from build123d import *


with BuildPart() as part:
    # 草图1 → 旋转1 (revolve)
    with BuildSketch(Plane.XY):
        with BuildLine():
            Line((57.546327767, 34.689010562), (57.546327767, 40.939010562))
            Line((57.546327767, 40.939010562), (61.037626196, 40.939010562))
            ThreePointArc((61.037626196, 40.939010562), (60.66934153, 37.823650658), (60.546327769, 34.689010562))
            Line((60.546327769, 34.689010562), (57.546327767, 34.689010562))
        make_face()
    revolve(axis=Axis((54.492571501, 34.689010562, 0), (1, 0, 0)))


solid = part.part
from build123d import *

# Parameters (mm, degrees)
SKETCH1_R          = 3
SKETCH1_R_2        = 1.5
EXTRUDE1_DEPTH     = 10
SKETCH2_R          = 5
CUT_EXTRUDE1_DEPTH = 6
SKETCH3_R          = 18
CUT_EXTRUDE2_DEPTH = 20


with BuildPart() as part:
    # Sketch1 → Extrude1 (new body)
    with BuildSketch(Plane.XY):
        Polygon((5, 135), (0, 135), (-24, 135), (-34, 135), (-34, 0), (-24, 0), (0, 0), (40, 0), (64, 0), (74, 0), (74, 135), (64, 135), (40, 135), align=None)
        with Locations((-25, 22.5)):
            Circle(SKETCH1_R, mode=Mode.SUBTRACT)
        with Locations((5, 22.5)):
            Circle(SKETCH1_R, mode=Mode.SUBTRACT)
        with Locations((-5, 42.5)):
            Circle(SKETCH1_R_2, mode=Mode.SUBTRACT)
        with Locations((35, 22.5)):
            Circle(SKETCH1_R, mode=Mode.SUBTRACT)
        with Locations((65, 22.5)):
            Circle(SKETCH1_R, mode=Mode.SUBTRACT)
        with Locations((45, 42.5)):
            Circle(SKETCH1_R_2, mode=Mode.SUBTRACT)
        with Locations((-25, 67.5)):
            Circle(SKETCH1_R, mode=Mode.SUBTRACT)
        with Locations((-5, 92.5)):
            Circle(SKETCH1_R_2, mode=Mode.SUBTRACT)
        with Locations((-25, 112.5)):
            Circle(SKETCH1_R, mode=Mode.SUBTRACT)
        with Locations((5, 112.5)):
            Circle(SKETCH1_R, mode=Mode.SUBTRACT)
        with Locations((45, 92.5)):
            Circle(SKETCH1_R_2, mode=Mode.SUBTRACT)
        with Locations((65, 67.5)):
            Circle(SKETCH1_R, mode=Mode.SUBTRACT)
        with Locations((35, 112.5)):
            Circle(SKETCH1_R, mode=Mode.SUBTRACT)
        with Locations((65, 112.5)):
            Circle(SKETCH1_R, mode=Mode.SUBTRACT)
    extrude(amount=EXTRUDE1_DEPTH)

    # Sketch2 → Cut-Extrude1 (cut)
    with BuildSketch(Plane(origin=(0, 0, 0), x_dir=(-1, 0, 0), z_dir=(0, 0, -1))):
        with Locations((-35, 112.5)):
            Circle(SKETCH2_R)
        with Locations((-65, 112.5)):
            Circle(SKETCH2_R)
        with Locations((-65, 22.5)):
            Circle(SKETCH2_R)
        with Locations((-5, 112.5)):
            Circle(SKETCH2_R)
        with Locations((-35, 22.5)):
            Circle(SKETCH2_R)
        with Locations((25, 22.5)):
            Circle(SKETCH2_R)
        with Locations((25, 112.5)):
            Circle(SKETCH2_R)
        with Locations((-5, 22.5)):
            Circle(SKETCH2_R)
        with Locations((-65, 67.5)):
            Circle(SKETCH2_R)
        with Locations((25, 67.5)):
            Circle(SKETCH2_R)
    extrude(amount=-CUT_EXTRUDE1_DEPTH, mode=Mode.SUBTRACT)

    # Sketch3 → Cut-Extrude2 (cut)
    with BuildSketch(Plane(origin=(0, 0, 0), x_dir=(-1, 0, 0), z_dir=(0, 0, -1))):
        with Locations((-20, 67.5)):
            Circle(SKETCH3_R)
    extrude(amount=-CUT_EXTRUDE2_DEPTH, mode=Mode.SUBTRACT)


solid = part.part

» To do
From the first line to the last, please quote the material above exactly.

» Exercise result
from build123d import *


with BuildPart() as part:
    # 草图1 → 旋转1 (revolve)
    with BuildSketch(Plane.XY):
        with BuildLine():
            Line((57.546327767, 34.689010562), (57.546327767, 40.939010562))
            Line((57.546327767, 40.939010562), (61.037626196, 40.939010562))
            ThreePointArc((61.037626196, 40.939010562), (60.66934153, 37.823650658), (60.546327769, 34.689010562))
            Line((60.546327769, 34.689010562), (57.546327767, 34.689010562))
        make_face()
    revolve(axis=Axis((54.492571501, 34.689010562, 0), (1, 0, 0)))


solid = part.part
from build123d import *

# Parameters (mm, degrees)
SKETCH1_R          = 3
SKETCH1_R_2        = 1.5
EXTRUDE1_DEPTH     = 10
SKETCH2_R          = 5
CUT_EXTRUDE1_DEPTH = 6
SKETCH3_R          = 18
CUT_EXTRUDE2_DEPTH = 20


with BuildPart() as part:
    # Sketch1 → Extrude1 (new body)
    with BuildSketch(Plane.XY):
        Polygon((5, 135), (0, 135), (-24, 135), (-34, 135), (-34, 0), (-24, 0), (0, 0), (40, 0), (64, 0), (74, 0), (74, 135), (64, 135), (40, 135), align=None)
        with Locations((-25, 22.5)):
            Circle(SKETCH1_R, mode=Mode.SUBTRACT)
        with Locations((5, 22.5)):
            Circle(SKETCH1_R, mode=Mode.SUBTRACT)
        with Locations((-5, 42.5)):
            Circle(SKETCH1_R_2, mode=Mode.SUBTRACT)
        with Locations((35, 22.5)):
            Circle(SKETCH1_R, mode=Mode.SUBTRACT)
        with Locations((65, 22.5)):
            Circle(SKETCH1_R, mode=Mode.SUBTRACT)
        with Locations((45, 42.5)):
            Circle(SKETCH1_R_2, mode=Mode.SUBTRACT)
        with Locations((-25, 67.5)):
            Circle(SKETCH1_R, mode=Mode.SUBTRACT)
        with Locations((-5, 92.5)):
            Circle(SKETCH1_R_2, mode=Mode.SUBTRACT)
        with Locations((-25, 112.5)):
            Circle(SKETCH1_R, mode=Mode.SUBTRACT)
        with Locations((5, 112.5)):
            Circle(SKETCH1_R, mode=Mode.SUBTRACT)
        with Locations((45, 92.5)):
            Circle(SKETCH1_R_2, mode=Mode.SUBTRACT)
        with Locations((65, 67.5)):
            Circle(SKETCH1_R, mode=Mode.SUBTRACT)
        with Locations((35, 112.5)):
            Circle(SKETCH1_R, mode=Mode.SUBTRACT)
        with Locations((65, 112.5)):
            Circle(SKETCH1_R, mode=Mode.SUBTRACT)
    extrude(amount=EXTRUDE1_DEPTH)

    # Sketch2 → Cut-Extrude1 (cut)
    with BuildSketch(Plane(origin=(0, 0, 0), x_dir=(-1, 0, 0), z_dir=(0, 0, -1))):
        with Locations((-35, 112.5)):
            Circle(SKETCH2_R)
        with Locations((-65, 112.5)):
            Circle(SKETCH2_R)
        with Locations((-65, 22.5)):
            Circle(SKETCH2_R)
        with Locations((-5, 112.5)):
            Circle(SKETCH2_R)
        with Locations((-35, 22.5)):
            Circle(SKETCH2_R)
        with Locations((25, 22.5)):
            Circle(SKETCH2_R)
        with Locations((25, 112.5)):
            Circle(SKETCH2_R)
        with Locations((-5, 22.5)):
            Circle(SKETCH2_R)
        with Locations((-65, 67.5)):
            Circle(SKETCH2_R)
        with Locations((25, 67.5)):
            Circle(SKETCH2_R)
    extrude(amount=-CUT_EXTRUDE1_DEPTH, mode=Mode.SUBTRACT)

    # Sketch3 → Cut-Extrude2 (cut)
    with BuildSketch(Plane(origin=(0, 0, 0), x_dir=(-1, 0, 0), z_dir=(0, 0, -1))):
        with Locations((-20, 67.5)):
            Circle(SKETCH3_R)
    extrude(amount=-CUT_EXTRUDE2_DEPTH, mode=Mode.SUBTRACT)


solid = part.part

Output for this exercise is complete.